(Records from a collection)
==========

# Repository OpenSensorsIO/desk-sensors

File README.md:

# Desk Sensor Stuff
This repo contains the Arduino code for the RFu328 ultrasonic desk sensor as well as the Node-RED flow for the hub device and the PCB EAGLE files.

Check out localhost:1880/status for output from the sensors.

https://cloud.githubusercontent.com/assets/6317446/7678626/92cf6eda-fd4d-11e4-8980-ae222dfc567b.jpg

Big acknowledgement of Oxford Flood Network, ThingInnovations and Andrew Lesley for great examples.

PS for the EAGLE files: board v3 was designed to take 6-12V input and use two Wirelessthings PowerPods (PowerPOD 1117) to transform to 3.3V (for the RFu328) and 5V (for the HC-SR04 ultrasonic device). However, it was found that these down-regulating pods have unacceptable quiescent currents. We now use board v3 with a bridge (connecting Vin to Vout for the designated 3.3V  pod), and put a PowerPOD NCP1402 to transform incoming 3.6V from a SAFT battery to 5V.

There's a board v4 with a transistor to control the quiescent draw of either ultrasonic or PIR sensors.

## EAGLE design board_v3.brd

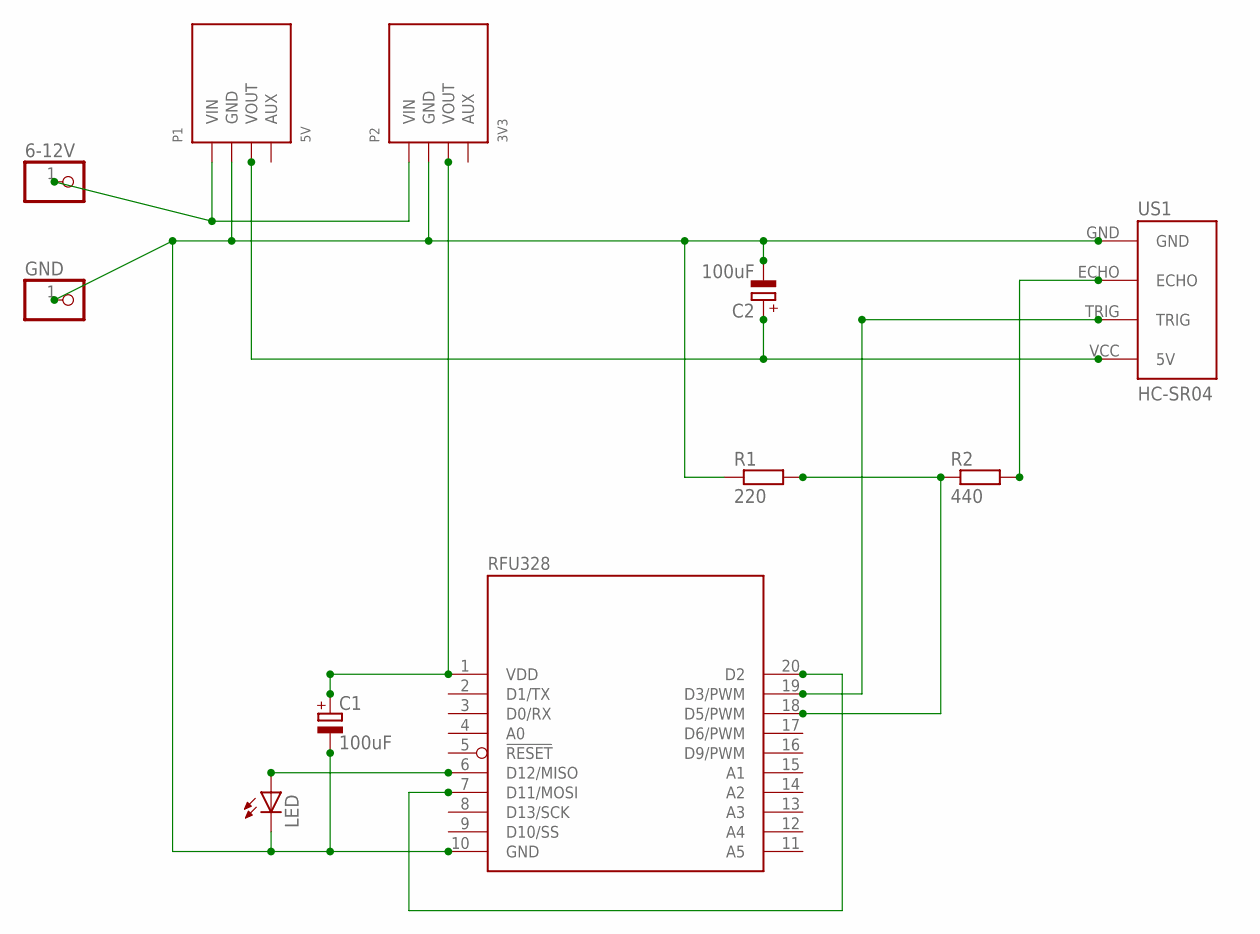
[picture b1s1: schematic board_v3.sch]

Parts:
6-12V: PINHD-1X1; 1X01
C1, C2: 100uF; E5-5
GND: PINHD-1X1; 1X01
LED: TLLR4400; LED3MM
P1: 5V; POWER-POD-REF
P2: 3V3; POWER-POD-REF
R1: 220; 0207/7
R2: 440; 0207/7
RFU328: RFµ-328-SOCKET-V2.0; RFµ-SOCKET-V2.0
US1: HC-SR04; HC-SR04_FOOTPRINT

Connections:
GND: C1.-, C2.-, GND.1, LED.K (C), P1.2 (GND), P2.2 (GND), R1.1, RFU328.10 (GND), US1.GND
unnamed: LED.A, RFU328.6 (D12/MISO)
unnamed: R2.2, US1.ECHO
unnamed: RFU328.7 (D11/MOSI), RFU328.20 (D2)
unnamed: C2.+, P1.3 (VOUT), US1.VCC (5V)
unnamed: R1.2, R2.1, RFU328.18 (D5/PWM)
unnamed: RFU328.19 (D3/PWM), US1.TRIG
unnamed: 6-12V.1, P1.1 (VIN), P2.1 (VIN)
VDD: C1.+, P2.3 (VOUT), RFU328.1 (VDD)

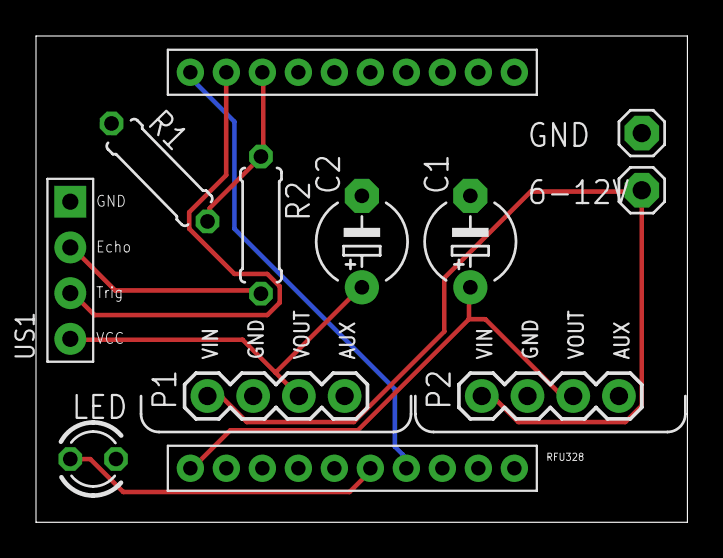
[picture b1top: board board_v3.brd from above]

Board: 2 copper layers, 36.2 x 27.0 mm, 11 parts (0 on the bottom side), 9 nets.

==========

Exercise prompt:
A faithful copy of every record is needed here. Leave the images out of it.

Expected output:
# Repository OpenSensorsIO/desk-sensors

File README.md:

# Desk Sensor Stuff
This repo contains the Arduino code for the RFu328 ultrasonic desk sensor as well as the Node-RED flow for the hub device and the PCB EAGLE files.

Check out localhost:1880/status for output from the sensors.

https://cloud.githubusercontent.com/assets/6317446/7678626/92cf6eda-fd4d-11e4-8980-ae222dfc567b.jpg

Big acknowledgement of Oxford Flood Network, ThingInnovations and Andrew Lesley for great examples.

PS for the EAGLE files: board v3 was designed to take 6-12V input and use two Wirelessthings PowerPods (PowerPOD 1117) to transform to 3.3V (for the RFu328) and 5V (for the HC-SR04 ultrasonic device). However, it was found that these down-regulating pods have unacceptable quiescent currents. We now use board v3 with a bridge (connecting Vin to Vout for the designated 3.3V  pod), and put a PowerPOD NCP1402 to transform incoming 3.6V from a SAFT battery to 5V.

There's a board v4 with a transistor to control the quiescent draw of either ultrasonic or PIR sensors.

## EAGLE design board_v3.brd

[picture b1s1: schematic board_v3.sch]

Parts:
6-12V: PINHD-1X1; 1X01
C1, C2: 100uF; E5-5
GND: PINHD-1X1; 1X01
LED: TLLR4400; LED3MM
P1: 5V; POWER-POD-REF
P2: 3V3; POWER-POD-REF
R1: 220; 0207/7
R2: 440; 0207/7
RFU328: RFµ-328-SOCKET-V2.0; RFµ-SOCKET-V2.0
US1: HC-SR04; HC-SR04_FOOTPRINT

Connections:
GND: C1.-, C2.-, GND.1, LED.K (C), P1.2 (GND), P2.2 (GND), R1.1, RFU328.10 (GND), US1.GND
unnamed: LED.A, RFU328.6 (D12/MISO)
unnamed: R2.2, US1.ECHO
unnamed: RFU328.7 (D11/MOSI), RFU328.20 (D2)
unnamed: C2.+, P1.3 (VOUT), US1.VCC (5V)
unnamed: R1.2, R2.1, RFU328.18 (D5/PWM)
unnamed: RFU328.19 (D3/PWM), US1.TRIG
unnamed: 6-12V.1, P1.1 (VIN), P2.1 (VIN)
VDD: C1.+, P2.3 (VOUT), RFU328.1 (VDD)

[picture b1top: board board_v3.brd from above]

Board: 2 copper layers, 36.2 x 27.0 mm, 11 parts (0 on the bottom side), 9 nets.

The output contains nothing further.